Koay, Pei P. | USA

Koay, Pei P. | USA

Pei P. Koay was the Lingnan Foundation Teaching Scholar in 2004-5 in Hong Kong. She completed her doctorate in Science and Technology Studies, tracking in the area of Politics and Policy of Science and Technology, at Virginia Polytechnic University in 2003 and received her M.A. in the History and Philosophy of Science and Technology from the University of Toronto where she focused on the history of modern medicine.

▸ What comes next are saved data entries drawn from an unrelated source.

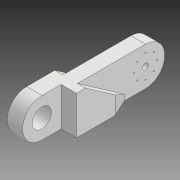
# Autodesk Inventor part: Link2
Saved by Autodesk Inventor 2020 (Build 240168000, 168)
## iProperties
Created: 2021-03-19
Part Number: Link2
Material: Generic
Document SubType Name: Modeling
Designer: DDeGo
Density: 1 g/cm^3
Appearance: Default
Author: DDeGo
Autodesk Inventor part; units mm, degrees
ref_plane "YZ Plane" through (0, 0, 0) normal (1, 0, 0) x (0, 1, 0)
ref_plane "XZ Plane" through (0, 0, 0) normal (0, 1, 0) x (-1, 0, 0)
ref_plane "XY Plane" through (0, 0, 0) normal (0, 0, 1) x (1, 0, 0)
sketch "Sketch1" plane through (0, 0, 0) normal (1, 0, 0) x (0, 1, 0)
  line L0 (0, 0) -> (0, -250) construction
  line L1 (-50, 0) -> (-50, -250)
  line L2 (50, -250) -> (50, 0)
  arc A0 (50, 0) -> (-50, 0) centre (0, 0) ccw
  arc A1 (-50, -250) -> (50, -250) centre (0, -250) ccw
  circle A2 centre (0, 0) radius 25
  circle A3 centre (0, -250) radius 7.5
  line L3 (50, 0) -> (-50, 0) construction
  point P0 (0, -125)
  dimension "d0" = 50
  dimension "d1" = 250
  dimension "d2" = 50
  dimension "d37" = 15
  constraints: 10 end point, 4 centre point, 4 point on circle, 4 tangent, 2 coincident, 1 horizontal, 1 midpoint, 1 parallel, 1 vertical
  measures "d0" radius of A0
  measures "d1" distance of L0.start L0.end
  measures "d2" diameter of A2
  measures "d37" diameter of A3
extrude "Extrusion1" add sketch "Sketch1" along normal mid plane 80
sketch "Sketch3" plane through (-40, 50, 0) normal (0, 1, 0) x (1, 0, 0)
  line L0 (0, 300) -> (80, 300) construction
  line L1 (0, 250) -> (80, 250) construction
  line L2 (59, 195) -> (80, 195)
  line L3 (80, 195) -> (80, 305)
  line L4 (80, 305) -> (59, 305)
  line L5 (59, 305) -> (59, 195)
  line L6 (0, 250) -> (80, 250) construction
  line L7 (59, 195) -> (80, 305) construction
  line L8 (80, 195) -> (59, 305) construction
  line L9 (0, 195) -> (21, 195)
  line L10 (21, 195) -> (21, 305)
  line L11 (21, 305) -> (0, 305)
  line L12 (0, 305) -> (0, 195)
  line L13 (0, 195) -> (21, 305) construction
  line L14 (21, 195) -> (0, 305) construction
  line L15 (0, 300) -> (0, 250) construction
  line L16 (80, 250) -> (80, 300) construction
  point P0 (40, 0)
  point P1 (69.5, 250)
  point P2 (10.5, 250)
  dimension "d10" = 5
  dimension "d23" = 21
  dimension "d24" = 21
  constraints: 24 end point, 4 midpoint, 4 parallel, 3 collinear, 2 horizontal, 2 perpendicular, 2 point on line
  measures "d10" distance between parallel lines of L4 L0
  measures "d23" distance of L10.end L11.end
  measures "d24" distance of L3.end L4.end
extrude "Extrusion3" cut sketch "Sketch3" against normal through all
sketch "Sketch6" plane through (40, 0, 0) normal (1, 0, 0) x (0, 0, -1)
  line L0 (0, 50) -> (195, 50) projected
  line L1 (73.6074, 50) -> (245, 50)
  line L2 (195, -50) -> (195, 50) projected
  line L3 (195, 50) -> (195, -35)
  line L4 (73.6074, 50) -> (195, -35)
  point P0 (0, 0)
  dimension "d21" = 55
  dimension "d22" = 85
  constraints: 6 end point, 1 horizontal, 1 point on line, 2 other
  measures "d21" angle to the sketch y axis of L4
  measures "d22" distance of L3.end L0.end
extrude "Extrusion6" cut sketch "Sketch6" against normal up to surface (21 mm away)
sketch "Sketch7" plane through (-40, 0, 0) normal (-1, 0, 0) x (0, 0, 1)
  line L0 (-250, -50) -> (-195, -50) projected
  arc A0 (-250, 50) -> (-250, -50) centre (-250, 0) ccw projected
  line L1 (-73.6074, 50) -> (-250, 50) projected
  line L2 (-73.6074, 50) -> (-195, -35) projected
  line L3 (-195, -35) -> (-195, -50) projected
  circle A1 centre (-250, 0) radius 7.5 projected
  point P0 (0, 0)
extrude "Extrusion7" cut sketch "Sketch7" against normal up to surface (21 mm away)
sketch "Sketch8" plane through (-40, 50, 0) normal (0, 1, 0) x (1, 0, 0)
  line L0 (40, 50) -> (80, 50)
  line L1 (80, 50) -> (80, -87.0465)
  line L2 (80, -87.0465) -> (40, -87.0465)
  line L3 (40, -87.0465) -> (40, 50)
  line L4 (80, 73.6074) -> (80, 0) projected
  line L5 (0, 0) -> (0, 73.6074) projected
  line L6 (0, 195) -> (0, 0) projected
  line L7 (0, 50) -> (15, 50)
  line L8 (15, 50) -> (15, -87.0465)
  line L9 (15, -87.0465) -> (0, -87.0465)
  line L10 (0, -87.0465) -> (0, 50)
  point P0 (40, 0)
  dimension "d27" = 50
  dimension "d46" = 40
  dimension "d47" = 15
  constraints: 16 end point, 4 parallel, 2 horizontal, 2 perpendicular, 2 point on line, 1 collinear
  measures "d27" distance from line of point (40, 0) L0
  measures "d46" distance of L0.start L0.end
  measures "d47" distance of L7.start L7.end
extrude "Extrusion8" cut sketch "Sketch8" against normal through all contours L0 L1 L2 L3
sketch "Sketch9" plane through (-19, 50, -250) normal (0, 1, 0) x (1, 0, 0)
  line L0 (-21, -176.3926) -> (-21, -55) projected
  line L1 (-21, -55) -> (-21, -100.0346)
  line L2 (-21, -55) -> (0, -55) projected
  line L3 (-21, -100.0346) -> (0, -55)
  line L4 (0, -55) -> (-21, -55)
  line L5 (38, 0) -> (38, -55) projected
  line L6 (59, -55) -> (59, -176.3926) projected
  line L7 (38, -55) -> (59, -55)
  line L8 (59, -55) -> (59, -100.0346)
  line L9 (38, -55) -> (59, -100.0346)
  point P0 (19, -250)
  dimension "d33" = 65
  dimension "d34" = 65
  constraints: 12 end point, 2 point on line, 1 collinear, 1 horizontal
  measures "d33" angle of L7 L9
  measures "d34" angle of L2 L3
extrude "Extrusion9" cut sketch "Sketch9" against normal through all
sketch "Sketch10" plane through (-19, 0, -250) normal (-1, 0, 0) x (0, 0, 1)
  circle A0 centre (0, 0) radius 7.5 projected
  circle A1 centre (0, 0) radius 30 construction
  circle A2 centre (-30, 0) radius 1.65
  circle A3 centre (-21.2132, -21.2132) radius 1.65
  circle A4 centre (0, -30) radius 1.65
  circle A5 centre (21.2132, -21.2132) radius 1.65
  circle A6 centre (30, 0) radius 1.65
  circle A7 centre (21.2132, 21.2132) radius 1.65
  circle A8 centre (0, 30) radius 1.65
  circle A9 centre (-21.2132, 21.2132) radius 1.65
  point P0 (250, 0)
  dimension "d39" = 60
  dimension "d38" = 3.3
  dimension "d42" = 360
  constraints: 8 centre point, 2 horizontal alignment, 1 coincident, 19 other
  measures "d38" diameter of A2
extrude "Extrusion10" cut sketch "Sketch10" against normal through all contours A2 | A3 | A4 | A5 | A6 | A7 | A8 | A9
body "Solid1"

Her research interests are in the areas of representational acts of the biosciences, identity politics and the politics of the body and information, global(izing) science, and with the uses of case studies and qualitative comparative methods for theorizing in science studies. She has focused primarily on cultural, political, and social aspects of new medical and communicational technologies. Her recent research has turned to issues of race, nationalism, and aspects of human genomics. Other research projects concern university and public education of science, technology, and globalization.

She has taught and designed courses at universities in New York, Virginia, and Hong Kong in the areas of science and technology studies, political science, and sociology exploring ways to integrate the tools of interdisciplinary studies into her teaching. She has also worked on public forums for explor.ing science/society interactions as well as in science journalism and publishing.  

 

Project at IAS-STS: (Re)presenting racial politics through new biomedical technosciences

Paraphrasing the sociologist of race, Howard Winant, there is a supposed replacement of the category ‘race’ by claimed objective categories of ethnicity, nationality, or class. However, as he argues, there remains a ‘continuing significance and changing meaning of race’ today that must be understood. It may be surprising that despite the many popular science stories about the social construction of race today, the continued significance of ‘race,’ and even re-construction of biological race, is true no less in the new life sciences.

My current research confronts race, ethnicity, and nationality in the genetic discourses today in order to explore the significances and consider its re-constructions, and meaning(s). By taking several case studies of human genomic population database projects – both public and private – in our world today, I will examine the public and expert discourses around them and locate these within the current academic literature in the social sciences as well as larger political discourses. I will especially highlight states’ efforts to promote genomics within their respective nations to larger audiences.